_Problem requirements_
A stretch of the entries below is to be set down exactly, running from the line with "#7054 = VERTEX_POINT ( 'NONE', #133 ) ;" through the line with "#10077 = DIRECTION", both included, and no other line.

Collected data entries
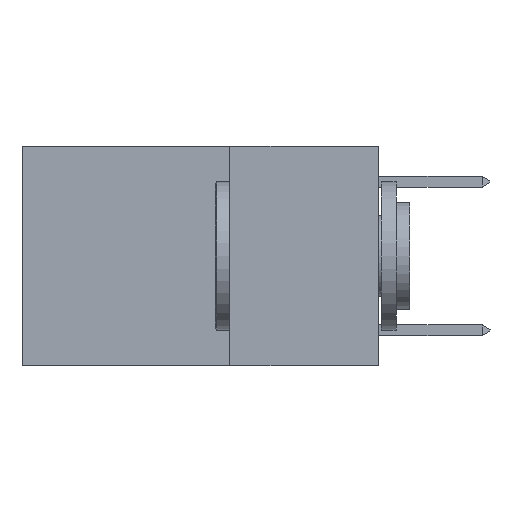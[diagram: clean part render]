
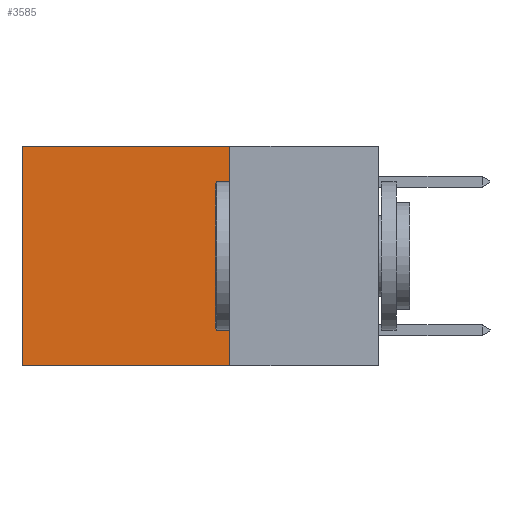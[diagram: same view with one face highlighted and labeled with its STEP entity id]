
A CAD part, left-side view. The second image highlights one B-rep face of the part: STEP entity #3585.
In plain terms, the highlighted planar face has unit normal (-1, 0, 0).
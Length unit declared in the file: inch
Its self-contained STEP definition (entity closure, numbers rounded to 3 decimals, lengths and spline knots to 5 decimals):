
#58 = CARTESIAN_POINT ( 'NONE',  ( 0.2625, 0.25, 0. ) ) ;
#91 = VERTEX_POINT ( 'NONE', #58 ) ;
#133 = CARTESIAN_POINT ( 'NONE',  ( 0.2625, 0.6, -0.37 ) ) ;
#354 = LINE ( 'NONE', #4023, #1733 ) ;
#771 = LINE ( 'NONE', #5092, #12572 ) ;
#837 = ORIENTED_EDGE ( 'NONE', *, *, #4273, .F. ) ;
#1080 = EDGE_CURVE ( 'NONE', #91, #6012, #354, .T. ) ;
#1350 = DIRECTION ( 'NONE',  ( 0., 0., -1. ) ) ;
#1374 = VECTOR ( 'NONE', #2504, 39.37008 ) ;
#1523 = VERTEX_POINT ( 'NONE', #1905 ) ;
#1733 = VECTOR ( 'NONE', #3115, 39.37008 ) ;
#1905 = CARTESIAN_POINT ( 'NONE',  ( 0.2625, 0.25, -0.37 ) ) ;
#1925 = VECTOR ( 'NONE', #1350, 39.37008 ) ;
#2105 = EDGE_CURVE ( 'NONE', #6012, #7054, #10452, .T. ) ;
#2234 = LINE ( 'NONE', #11904, #1925 ) ;
#2504 = DIRECTION ( 'NONE',  ( 0., 0., -1. ) ) ;
#3115 = DIRECTION ( 'NONE',  ( 0., 1., 0. ) ) ;
#3585 = ADVANCED_FACE ( 'NONE', ( #10480 ), #10778, .F. ) ;
#3979 = DIRECTION ( 'NONE',  ( 0., 0., -1. ) ) ;
#4023 = CARTESIAN_POINT ( 'NONE',  ( 0.2625, 0.25, 0. ) ) ;
#4273 = EDGE_CURVE ( 'NONE', #1523, #7054, #771, .T. ) ;
#5092 = CARTESIAN_POINT ( 'NONE',  ( 0.2625, 0.25, -0.37 ) ) ;
#5857 = DIRECTION ( 'NONE',  ( 1., 0., 0. ) ) ;
#5927 = EDGE_LOOP ( 'NONE', ( #6945, #837, #6662, #8142 ) ) ;
#6012 = VERTEX_POINT ( 'NONE', #8968 ) ;
#6662 = ORIENTED_EDGE ( 'NONE', *, *, #10378, .F. ) ;
#6775 = CARTESIAN_POINT ( 'NONE',  ( 0.2625, 0.25, 0. ) ) ;
#6945 = ORIENTED_EDGE ( 'NONE', *, *, #2105, .T. ) ;
#7054 = VERTEX_POINT ( 'NONE', #133 ) ;
#7523 = AXIS2_PLACEMENT_3D ( 'NONE', #6775, #5857, #3979 ) ;
#8142 = ORIENTED_EDGE ( 'NONE', *, *, #1080, .T. ) ;
#8968 = CARTESIAN_POINT ( 'NONE',  ( 0.2625, 0.6, 0. ) ) ;
#10077 = DIRECTION ( 'NONE',  ( 0., 1., 0. ) ) ;
#10378 = EDGE_CURVE ( 'NONE', #91, #1523, #2234, .T. ) ;
#10452 = LINE ( 'NONE', #11432, #1374 ) ;
#10480 = FACE_OUTER_BOUND ( 'NONE', #5927, .T. ) ;
#10778 = PLANE ( 'NONE',  #7523 ) ;
#11432 = CARTESIAN_POINT ( 'NONE',  ( 0.2625, 0.6, 0. ) ) ;
#11904 = CARTESIAN_POINT ( 'NONE',  ( 0.2625, 0.25, 0. ) ) ;
#12572 = VECTOR ( 'NONE', #10077, 39.37008 ) ;

_Task result_
#7054 = VERTEX_POINT ( 'NONE', #133 ) ;
#7523 = AXIS2_PLACEMENT_3D ( 'NONE', #6775, #5857, #3979 ) ;
#8142 = ORIENTED_EDGE ( 'NONE', *, *, #1080, .T. ) ;
#8968 = CARTESIAN_POINT ( 'NONE',  ( 0.2625, 0.6, 0. ) ) ;
#10077 = DIRECTION ( 'NONE',  ( 0., 1., 0. ) ) ;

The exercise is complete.